NATO Secretary-General Mark Rutte has made a striking claim: that if China were to invade Taiwan, Beijing might ask Moscow to launch an attack on NATO territory to keep the West occupied in Europe, thereby easing Chinese operations in the Indo‑Pacific.
This idea, which he presented in interviews and public speeches in 2025, has generated substantial debate. Below are several angles to understand what Rutte said, what evidence or logic supports the claim, what counterarguments exist, and what the implications would be.
What Did Rutte Actually Say?
In an interview with The New York Times, Rutte explain what he thinks might happen in the future.
He said that should Xi Jinping decide to attack Taiwan, he “would first make sure that he makes a call to his very junior partner in all of this, Vladimir Vladimirovich Putin, residing in Moscow,” asking him to keep NATO busy in Europe by attacking NATO territory.
He described this scenario as “most likely the way this will progress” if China opts for military force over Taiwan.
Rutte also emphasized that the threat is growing due to China’s military build‑up and increased coordination (or at least support) between China, Russia, and other states like Iran and North Korea.

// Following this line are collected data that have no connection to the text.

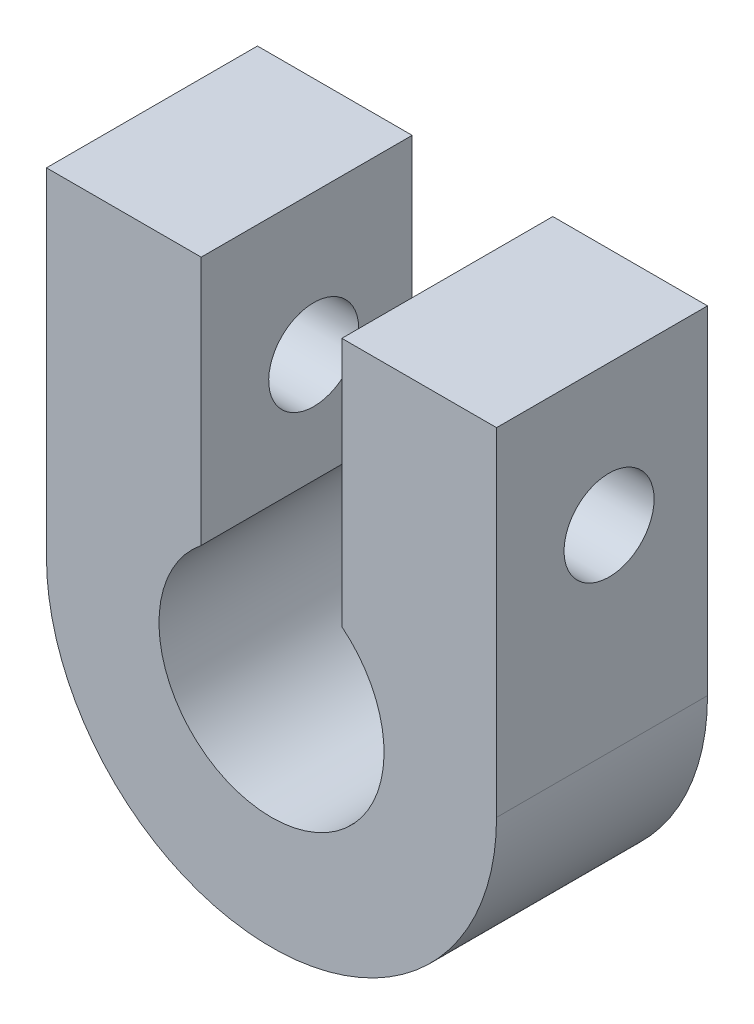
SolidWorks part; units mm, degrees
material "ABS"
ref_plane "Front Plane" through (0, 0, 0) normal (0, 0, 1) x (1, 0, 0)
ref_plane "Top Plane" through (0, 0, 0) normal (0, 1, 0) x (1, 0, 0)
ref_plane "Right Plane" through (0, 0, 0) normal (1, 0, 0) x (0, 0, -1)
ref_plane "Plane1" through (0, 0, 8) normal (0, 0, 1) x (1, 0, 0)
sketch "Sketch1" plane through (0, 0, 8) normal (0, 0, 1) x (1, 0, 0)
  line L0 (8, 0) -> (8, 12)
  line L1 (8, 12) -> (-8, 12)
  line L2 (-8, 12) -> (-8, 0)
  arc A0 (-8, 0) -> (8, 0) centre (0, 0) ccw
extrude "Boss-Extrude1" add sketch "Sketch1" against normal blind 8
sketch "Sketch2" plane through (0, 0, 0) normal (0, 0, -1) x (-1, 0, 0)
  line L0 (2.5, 12) -> (-2.5, 12)
  line L1 (-2.5, 12) -> (-2.5, 3.1225)
  line L2 (2.5, 3.1225) -> (2.5, 12)
  arc A0 (-2.5, 3.1225) -> (2.5, 3.1225) centre (0, 0) cw
extrude "Cut-Extrude1" cut sketch "Sketch2" against normal through all
sketch "Sketch3" plane through (-8, 0, 0) normal (-1, 0, 0) x (0, 0, 1)
  line L0 (5.6743, 4.1) -> (7.3486, 7)
  line L1 (7.3486, 7) -> (5.6743, 9.9)
  line L2 (5.6743, 9.9) -> (2.3257, 9.9)
  line L3 (2.3257, 9.9) -> (0.6514, 7)
  line L4 (0.6514, 7) -> (2.3257, 4.1)
  line L5 (2.3257, 4.1) -> (5.6743, 4.1)
extrude "Cut-Extrude2" cut sketch "Sketch3" against normal blind 1.99
sketch "Sketch5" plane through (8, 0, 0) normal (1, 0, 0) x (0, 0, -1)
  line L0 (-5.3304, 6.1111) -> (-5.1314, 5.8686)
  line L1 (-5.1314, 5.8686) -> (-4.8889, 5.6696)
  line L2 (-4.8889, 5.6696) -> (-4.6123, 5.5218)
  line L3 (-4.6123, 5.5218) -> (-4.3121, 5.4307)
  line L4 (-4.3121, 5.4307) -> (-4, 5.4)
  line L5 (-4, 5.4) -> (-3.6879, 5.4307)
  line L6 (-3.6879, 5.4307) -> (-3.3877, 5.5218)
  line L7 (-3.3877, 5.5218) -> (-3.1111, 5.6696)
  line L8 (-3.1111, 5.6696) -> (-2.8686, 5.8686)
  line L9 (-2.8686, 5.8686) -> (-2.6696, 6.1111)
  line L10 (-2.6696, 6.1111) -> (-2.5218, 6.3877)
  line L11 (-2.5218, 6.3877) -> (-2.4307, 6.6879)
  line L12 (-2.4307, 6.6879) -> (-2.4, 7)
  line L13 (-2.4, 7) -> (-2.4307, 7.3121)
  line L14 (-2.4307, 7.3121) -> (-2.5218, 7.6123)
  line L15 (-2.5218, 7.6123) -> (-2.6696, 7.8889)
  line L16 (-2.6696, 7.8889) -> (-2.8686, 8.1314)
  line L17 (-2.8686, 8.1314) -> (-3.1111, 8.3304)
  line L18 (-3.1111, 8.3304) -> (-3.3877, 8.4782)
  line L19 (-3.3877, 8.4782) -> (-3.6879, 8.5693)
  line L20 (-3.6879, 8.5693) -> (-4, 8.6)
  line L21 (-4, 8.6) -> (-4.3121, 8.5693)
  line L22 (-4.3121, 8.5693) -> (-4.6123, 8.4782)
  line L23 (-4.6123, 8.4782) -> (-4.8889, 8.3304)
  line L24 (-4.8889, 8.3304) -> (-5.1314, 8.1314)
  line L25 (-5.1314, 8.1314) -> (-5.3304, 7.8889)
  line L26 (-5.3304, 7.8889) -> (-5.4782, 7.6123)
  line L27 (-5.4782, 7.6123) -> (-5.5693, 7.3121)
  line L28 (-5.5693, 7.3121) -> (-5.6, 7)
  line L29 (-5.6, 7) -> (-5.5693, 6.6879)
  line L30 (-5.5693, 6.6879) -> (-5.4782, 6.3877)
  line L31 (-5.4782, 6.3877) -> (-5.3304, 6.1111)
extrude "Cut-Extrude4" cut sketch "Sketch5" against normal up to next
sketch "Sketch6" plane through (0, 0, 0) normal (0, 1, 0) x (1, 0, 0)
  line L0 (4, 0) -> (0, 0)
  line L1 (0, 0) -> (0, -8)
  line L2 (0, -8) -> (4, -8)
  line L3 (4, -8) -> (4, 0)
  line L4 (0, 0) -> (0, -8) construction
revolve "Cut-Revolve1" cut sketch "Sketch6" angle 360 about L4
sketch "Sketch7" plane through (8, 0, 0) normal (1, 0, 0) x (0, 0, -1)
  circle A0 centre (-4, 7) radius 1.6
extrude "Cut-Extrude5" cut sketch "Sketch7" against normal through all
chamfer "Chamfer1" distance 0.5 angle 45 8 edges at (-2.5, 7.5612, 0) (0, -4, 0) (2.5, 7.5612, 0) (-5.25, 12, 0) (-8, 6, 0) (0, -8, 0) (8, 6, 0) (5.25, 12, 0)

Arguments Supporting the Plausibility
One of the reasons Rutte and some analysts consider his scenario plausible is that China and Russia have shown increasingly close strategic alignment in recent years.
They have exchanged diplomatic support, China has provided dual‑use goods (which can have civilian and military applications), and there is coordination (or at least convergence) in foreign policy regarding Ukraine and other global issues.
The argument is that China might benefit if NATO is forced to respond to threats in Europe, limiting how much assistance or attention NATO can give in East Asia or the Indo‑Pacific region.
Rutte also frames this in the context of deterrence: if NATO is strong enough and works closely with Indo‑Pacific partners, the hope is that such a dual threat would be less likely to be attempted.
Criticisms and Counterarguments
There are serious counterarguments to Rutte’s claim. First, it assumes a high degree of coordination and willingness on the part of Russia to engage directly with NATO territory — something that would carry very high risk for Moscow.
NATO’s Article 5 guarantees collective defense, meaning that an attack on one would trigger a response from many, including nuclear‑armed states. Russia would have to weigh whether such an attack would uncontrollably escalate into a broader war that could be existential for it.
Second, analysts question and doubt whether China would rely on or trust Russia to perform such a diversion.
While China and Russia have strong ties in some areas, historical mistrust, divergent strategic interests, and domestic constraints might limit how far Moscow would be willing to go in aiding China’s military adventures abroad in such a specific way.
Third, such a scenario may be politically useful as a warning or rhetorical strategy for boosting Western defense spending and alliances more than it reflects a concrete plan.
Skeptics argue that Rutte’s claim could serve to galvanize NATO member states, especially in Europe, to increase military readiness and budget allocations, and to strengthen ties with Indo‑Pacific partners.
According to Euro News, Rutte himself has called for a “quantum leap” in defense spending among NATO members.
Response from Russia
So, what does Russia think about this clam? Russia’s reaction to Rutte’s claim was largely dismissive and sarcastic.
According to Taiwan Political Reporter, former Russian president and current deputy chairman of Russia’s Security Council, Dmitry Medvedev, mocked the idea on social media, saying that Rutte had “clearly gorged on too many of the magic mushrooms beloved by the Dutch.”
Such responses indicate that Moscow is rejecting the claim, whether or not it seriously views the possibility. China has not publicly confirmed any intention along those lines.
What If It’s True?
If Rutte’s scenario were true, the implications are profound for global security. NATO would need to adopt a more expansive posture not only in Europe but in coordination with Indo‑Pacific partners.
Defense budgets would have to increase significantly, as would investment in rapid response, intelligence, missile defenses, and multi‑domain operations.
The strategic logic of deterrence would become more urgent: showing that any aggression from China or Russia would be met with firm, immediate, and coordinated resistance.
It would also raise the risk of miscalculation: if one side wrongly interprets the actions of the other as aggressive provocations, or if Moscow or Beijing actually engages in actions that trigger NATO’s defense commitments, the risk of escalation becomes serious.
Diplomatically, it would put pressure on non‑NATO states in Asia and Europe to pick sides, or at least to strengthen their alliances and defense cooperation.